Not only that, but a federal court has now ruled that FDA can regulate your cells as drugs.
We reported in January that the US Food and Drug Administration wants to treat your body’s stem cells as drugs—cells taken from our own bodies and then re-implanted with the purpose of treating medical problems, usually to renew damaged body parts.
And now, as reported by the Wall Street Journal, a DC district court has ruled that these adult stem cells are in fact “drugs” (and therefore fall under FDA jurisdiction), even when the cells are taken from a patient and then re-inserted into him or her. In other words, the court ruled that you don’t have the right to stem cell treatment even when you’re using your own stem cells to treat your own injury!
The court’s ruling extends FDA oversight, at least in principle, into things as common as in-vitro fertilization. In other words, reproductive cells would also become “drugs” under the law.
Now a private company, Myriad Genetics, is arguing that they own the patent for two genes, BRAC1 and BRAC2, which account for most inherited forms of breast and ovarian cancer.
Women who are at high risk for inheriting breast cancer can test for mutations in these two genes. Under the Myriad gene test, called the BRACAnalysis, women who test positive have 82% higher risk of breast cancer and 44% higher risk of ovarian cancer. The results of the test are instrumental in determining a woman’s treatment options.
If Myriad’s patent claims are upheld, it means they have ownership over particular genes in the human body. They can charge whatever dollar amount they dream up to access those genes via the test—which is currently $4,000. Women concerned about their risk of breast or ovarian cancer wouldn’t be able to have anyone but Myriad look at their genes. And such a high price means a woman who might need the test the most might not be able to afford it.

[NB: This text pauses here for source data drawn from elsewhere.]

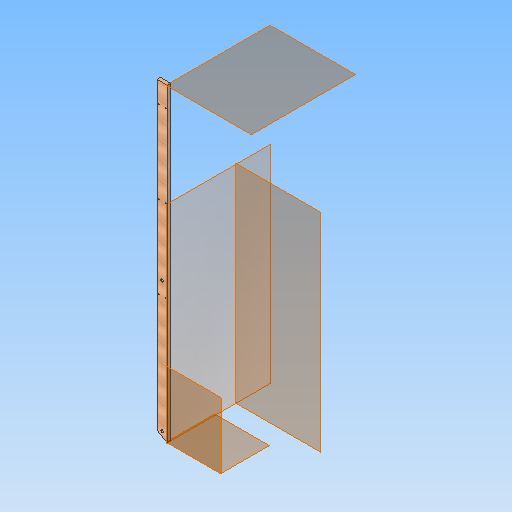
# Autodesk Inventor part: Top_Reinforcement_LHS
Saved by Autodesk Inventor 2018.1 (Build 221171000, 171)
## iProperties
Created: 2019-03-15
Part Number: Top_Reinforcement_LHS
Material: Wood (Birch)
Document SubType Name: Modeling
Designer: James
Density: 0.55 g/cm^3
Appearance: Birch - Natural Polished
Author: James
Autodesk Inventor part; units mm, degrees
ref_plane "YZ Plane" through (0, 0, 0) normal (1, 0, 0) x (0, 1, 0)
ref_plane "XZ Plane" through (0, 0, 0) normal (0, 1, 0) x (-1, 0, 0)
ref_plane "XY Plane" through (0, 0, 0) normal (0, 0, 1) x (1, 0, 0)
derived "Top_Skeleton.ipt"
ref_plane "Work Plane1" through (0, 0, 0) normal (0, 0, 1) x (1, 0, 0)
ref_plane "Work Plane2" through (0, 0, 0) normal (0, 1, 0) x (-1, 0, 0)
ref_plane "Work Plane3" through (0, 0, 0) normal (1, 0, 0) x (0, 1, 0)
ref_plane "Work Plane4" through (0, 4500, 0) normal (0, 1, 0) x (-1, 0, 0)
ref_plane "Work Plane5" through (0, 0, -1000) normal (0, 0, 1) x (1, 0, 0)
sketch "Sketch1" plane through (0, 0, 0) normal (1, 0, 0) x (0, 1, 0)
  line L0 (0, 0) -> (4500, 0)
  line L1 (4500, 0) -> (4500, -50)
  line L2 (4500, -50) -> (0, -50)
  line L3 (0, -50) -> (0, 0)
  line L4 (4500, 10) -> (4500, -60) projected
  dimension "d1" = 50
  constraints: 8 end point, 2 parallel, 1 coincident, 1 horizontal, 1 perpendicular, 1 point on line
  measures "d1" distance of L0.end L1.end
extrude "Extrusion1" add sketch "Sketch1" against normal blind 150
chamfer "Chamfer1" distance 130 angle 30 1 edges at (-150, 0, -25) measured on face at (-149.5, 0, -25)
sketch "Sketch2" plane through (0, 0, 0) normal (0, 0, 1) x (1, 0, 0)
  line L0 (-150, 75.0555) -> (-150, 4500) projected
  line L1 (0, 5400) -> (0, -900) projected
  line L2 (0, 0) -> (-20, 0) projected
  point P0 (-75, 100)
  point P1 (-75, 2000)
  dimension "d7" = 75
  dimension "d8" = 75
  dimension "d9" = 100
  dimension "d33" = 2000
  constraints: 1 vertical alignment
  measures "d7" distance from line of L0 point (-75, 100)
  measures "d8" distance from line of L1 point (-75, 100)
  measures "d9" distance from line of L2 point (-75, 100)
  measures "d33" distance from line of L2 point (-75, 2000)
hole "Hole1" at (-75, 100, 0) at (-75, 2000, 0) direction (0, 0, -1) diameter 30 end through all
chamfer "Chamfer2" distance 5 angle 45 4 edges at (-75, 115, -50) (-75, 115, 0) (-75, 2015, -50) (-75, 2015, 0)
sketch "Sketch3" plane through (0, 0, 0) normal (0, 0, 1) x (1, 0, 0)
  line L0 (-150, 75.0555) -> (-150, 4500) projected
  line L1 (0, 5400) -> (0, -900) projected
  line L2 (0, 4500) -> (-150, 4500) projected
  point P0 (0, 0)
  point P1 (-125, 4200)
  point P2 (-25, 4200)
  dimension "d20" = 25
  dimension "d21" = 25
  dimension "d22" = 300
  constraints: 1 horizontal alignment
  measures "d20" distance from line of L0 point (-125, 4200)
  measures "d21" distance from line of L1 point (-25, 4200)
  measures "d22" distance from line of L2 point (-125, 4200)
hole "Hole2" at (-125, 4200, 0) at (-25, 4200, 0) direction (0, 0, -1) diameter 8.433 end through all countersink diameter 16.129 countersink angle 82 clearance for "Flat Head Machine Screw (82)" size "5/16" standard "Ansi Unified Screw Threads"
pattern_linear "Rectangular Pattern1" count 3 spacing 1200 along (0, -1, 0) of "Hole2"
sketch "Sketch4" plane through (0, 0, -50) normal (0, 0, -1) x (-1, 0, 0)
  circle A0 centre (75, 2000) radius 20 projected
  point P0 (0, 0)
  point P1 (25, 1950)
  point P2 (25, 2050)
  point P3 (125, 2050)
  point P4 (125, 1950)
  dimension "d34" = 50
  dimension "d35" = 100
  dimension "d36" = 100
  dimension "d37" = 50
  constraints: 2 horizontal alignment, 2 vertical alignment
  measures "d34" horizontal distance of A0.centre point (25, 2050)
  measures "d35" distance of point (25, 2050) point (125, 2050)
  measures "d36" distance of point (125, 1950) point (125, 2050)
  measures "d37" horizontal distance of A0.centre point (125, 2050)
hole "Hole3" at (-25, 1950, -50) at (-25, 2050, -50) at (-125, 2050, -50) at (-125, 1950, -50) direction (0, 0, 1) diameter 6.401 depth 22.931 tip angle 118 thread size "5/16-18 UNC" class "2B" standard "ANSI Unified Screw Threads"
equation "\"d7\" = d8"
equation "\"d21\" = d20"
equation "\"d34\" = 0.5 * d35"
equation "\"d36\" = d35"
equation "\"d37\" = 0.5 * d36"
body "Solid1"
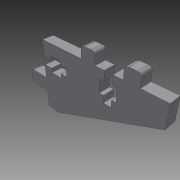
# Autodesk Inventor part: z_axis_top_brace
Saved by Autodesk Inventor 2014 (Build 180170000, 170)
## iProperties
Created: 2014-04-04
Part Number: z_axis_top_brace
Material: Plywood, Finish
Document SubType Name: Modeling
Designer: buben
Density: 0.552 g/cm^3
Appearance: Plywood - New
Author: buben
Autodesk Inventor part; units mm, degrees
ref_plane "YZ Plane" through (0, 0, 0) normal (1, 0, 0) x (0, 1, 0)
ref_plane "XZ Plane" through (0, 0, 0) normal (0, 1, 0) x (-1, 0, 0)
ref_plane "XY Plane" through (0, 0, 0) normal (0, 0, 1) x (1, 0, 0)
sketch "Sketch1" plane through (0, 0, 0) normal (0, 1, 0) x (-1, 0, 0)
  line L0 (0, -40) -> (0, 0)
  line L1 (0, 0) -> (-70, 0)
  line L2 (-70, 0) -> (-70, -12)
  line L3 (-70, -12) -> (-8, -40)
  line L4 (-8, -40) -> (0, -40)
  dimension "d0" = 8
  dimension "d1" = 12
  dimension "d2" = 70
  dimension "d3" = 40
  constraints: 10 end point, 2 parallel, 1 perpendicular, 1 vertical
  measures "d0" distance of L3.end L0.start
  measures "d1" distance of L1.end L2.end
  measures "d2" distance of L0.end L1.end
  measures "d3" distance of L0.start L0.end
extrude "Extrusion1" add sketch "Sketch1" along normal blind 6.5
sketch "Sketch2" plane through (0, 0, 0) normal (0, -1, 0) x (1, 0, 0)
  line L0 (0, 0) -> (0, -40) projected
  line L1 (70, 0) -> (0, 0) projected
  line L2 (39.75, 0) -> (44.25, 0)
  line L3 (44.25, -16.3) -> (39.75, -16.3)
  line L4 (46.75, -5) -> (46.75, -12.3)
  line L5 (37.25, -12.3) -> (37.25, -5)
  line L6 (37.25, -5) -> (39.75, -5)
  line L7 (44.25, -5) -> (46.75, -5)
  line L8 (46.75, -12.3) -> (44.25, -12.3)
  line L9 (39.75, -12.3) -> (37.25, -12.3)
  line L10 (39.75, -16.3) -> (39.75, -12.3)
  line L11 (39.75, -5) -> (39.75, 0)
  line L12 (44.25, 0) -> (44.25, -5)
  line L13 (44.25, -12.3) -> (44.25, -16.3)
  line L14 (0, -13.75) -> (0, -9.25)
  line L15 (16.3, -9.25) -> (16.3, -13.75)
  line L16 (5, -6.75) -> (12.3, -6.75)
  line L17 (12.3, -16.25) -> (5, -16.25)
  line L18 (5, -16.25) -> (5, -13.75)
  line L19 (5, -9.25) -> (5, -6.75)
  line L20 (12.3, -6.75) -> (12.3, -9.25)
  line L21 (12.3, -13.75) -> (12.3, -16.25)
  line L22 (16.3, -13.75) -> (12.3, -13.75)
  line L23 (5, -13.75) -> (0, -13.75)
  line L24 (0, -9.25) -> (5, -9.25)
  line L25 (12.3, -9.25) -> (16.3, -9.25)
  point P0 (42, -16.3)
  point P1 (16.3, -11.5)
  dimension "d6" = 4.5
  dimension "d7" = 4
  dimension "d8" = 5
  dimension "d9" = 7.3
  dimension "d10" = 2.5
  dimension "d11" = 4.5
  dimension "d12" = 4
  dimension "d13" = 5
  dimension "d14" = 7.3
  dimension "d15" = 2.5
  dimension "d16" = 42
  dimension "d17" = 11.5
  constraints: 48 end point, 21 parallel, 12 collinear, 8 perpendicular, 3 horizontal, 2 midpoint
  measures "d6" distance of L3.start L3.end
  measures "d7" distance of L8.end L3.start
  measures "d8" distance of L2.end L7.start
  measures "d9" distance of L4.start L4.end
  measures "d10" distance of L4.end L8.end
  measures "d11" distance of L25.end L22.start
  measures "d12" distance of L20.end L25.end
  measures "d13" distance of L14.end L24.end
  measures "d14" distance of L19.end L16.end
  measures "d15" distance of L16.end L20.end
  measures "d16" distance from line of L0 point (42, -16.3)
  measures "d17" distance from line of L1 point (16.3, -11.5)
extrude "Extrusion2" cut sketch "Sketch2" against normal through all
sketch "Sketch3" plane through (0, 0, 0) normal (0, -1, 0) x (1, 0, 0)
  line L0 (39.75, 0) -> (0, 0) projected
  line L1 (16.3, -9.25) -> (16.3, -13.75) projected
  line L2 (0, -13.75) -> (0, -40) projected
  line L3 (70, 0) -> (44.25, 0) projected
  line L4 (44.25, -16.3) -> (39.75, -16.3) projected
  line L5 (26.5, 0) -> (34.5, 0)
  line L6 (34.5, 0) -> (34.5, 4.5)
  line L7 (32.5, 6.5) -> (28.5, 6.5)
  line L8 (26.5, 4.5) -> (26.5, 0)
  line L9 (49.5, 0) -> (57.5, 0)
  line L10 (57.5, 0) -> (57.5, 4.5)
  line L11 (55.5, 6.5) -> (51.5, 6.5)
  line L12 (49.5, 4.5) -> (49.5, 0)
  line L13 (0, -21.5) -> (-11, -21.5)
  line L14 (-13, -23.5) -> (-13, -27.5)
  line L15 (-11, -29.5) -> (0, -29.5)
  line L16 (0, -29.5) -> (0, -21.5)
  arc A0 (28.5, 6.5) -> (26.5, 4.5) centre (28.5, 4.5) ccw
  arc A1 (34.5, 4.5) -> (32.5, 6.5) centre (32.5, 4.5) ccw
  arc A2 (51.5, 6.5) -> (49.5, 4.5) centre (51.5, 4.5) ccw
  arc A3 (57.5, 4.5) -> (55.5, 6.5) centre (55.5, 4.5) ccw
  arc A4 (-11, -21.5) -> (-13, -23.5) centre (-11, -23.5) ccw
  arc A5 (-13, -27.5) -> (-11, -29.5) centre (-11, -27.5) ccw
  point P0 (16.3, -11.5)
  point P1 (42, -16.3)
  dimension "d20" = 2
  dimension "d21" = 8
  dimension "d22" = 8
  dimension "d23" = 8
  dimension "d24" = 6.5
  dimension "d25" = 15
  dimension "d26" = 13
  dimension "d27" = 7.5
  dimension "d28" = 10
  constraints: 24 end point, 12 point on circle, 12 tangent, 6 centre point, 6 parallel, 5 equal radius, 3 horizontal, 3 perpendicular, 3 point on line, 2 midpoint, 1 collinear
  measures "d20" radius of A0
  measures "d21" distance between parallel lines of L13 L15
  measures "d22" distance between parallel lines of L6 L8
  measures "d23" distance between parallel lines of L10 L12
  measures "d24" distance between parallel lines of L3 L11
  measures "d25" distance between parallel lines of L6 L12
  measures "d26" distance between parallel lines of L2 L14
  measures "d27" distance from line of point (42, -16.3) L6
  measures "d28" distance from line of point (16.3, -11.5) L13
extrude "Extrusion3" add sketch "Sketch3" against normal blind 6.5
equation "\"d22\" = d21"
equation "\"d23\" = d22"
equation "\"d27\" = 0.5 * d25"
body "Solid1"

The patents would keep competitors from offering tests, which restricts market competition to decrease prices, increase access, and improve the tests themselves. It would also cut off scientific research: scientists outside Myriad couldn’t study these genes without Myriad’s permission. Think of that: no new breast cancer therapies could be developed using these genes, because someone holds a patent on them and won’t give others access to them.
The American Civil Liberties Union and the Public Patent Foundation filed lawsuit against Myriad, the University of Utah Research Foundation, and the US Patent and Trademark Office. They said the patent restricts scientific research and patient access to medical care, and violates the First Amendment and patent law because genes are part of nature and therefore cannot be patented.
ACLU and PPF won in the lower court, but lost on appeal in federal court. Two of the judges said genes can be patented because testing looks for distinctive chemical forms of the genes and not as they appear naturally in the body. The dissenting judge argued that “plucking a leaf from a tree does not turn it into a human-made invention.”
However, in March the Supreme Court vacated the decision. They instructed the appeals court revisit the case, and arguments will begin on July 20. ACLU will be arguing that genes are natural and therefore cannot be patented.
Dietary supplements have long been denied patent protection because they are considered natural. The same standards should apply to the pharmaceutical industry. The system shouldn’t create loopholes to allow them patent protections on our own bodies just to increase their profits and deny consumer access.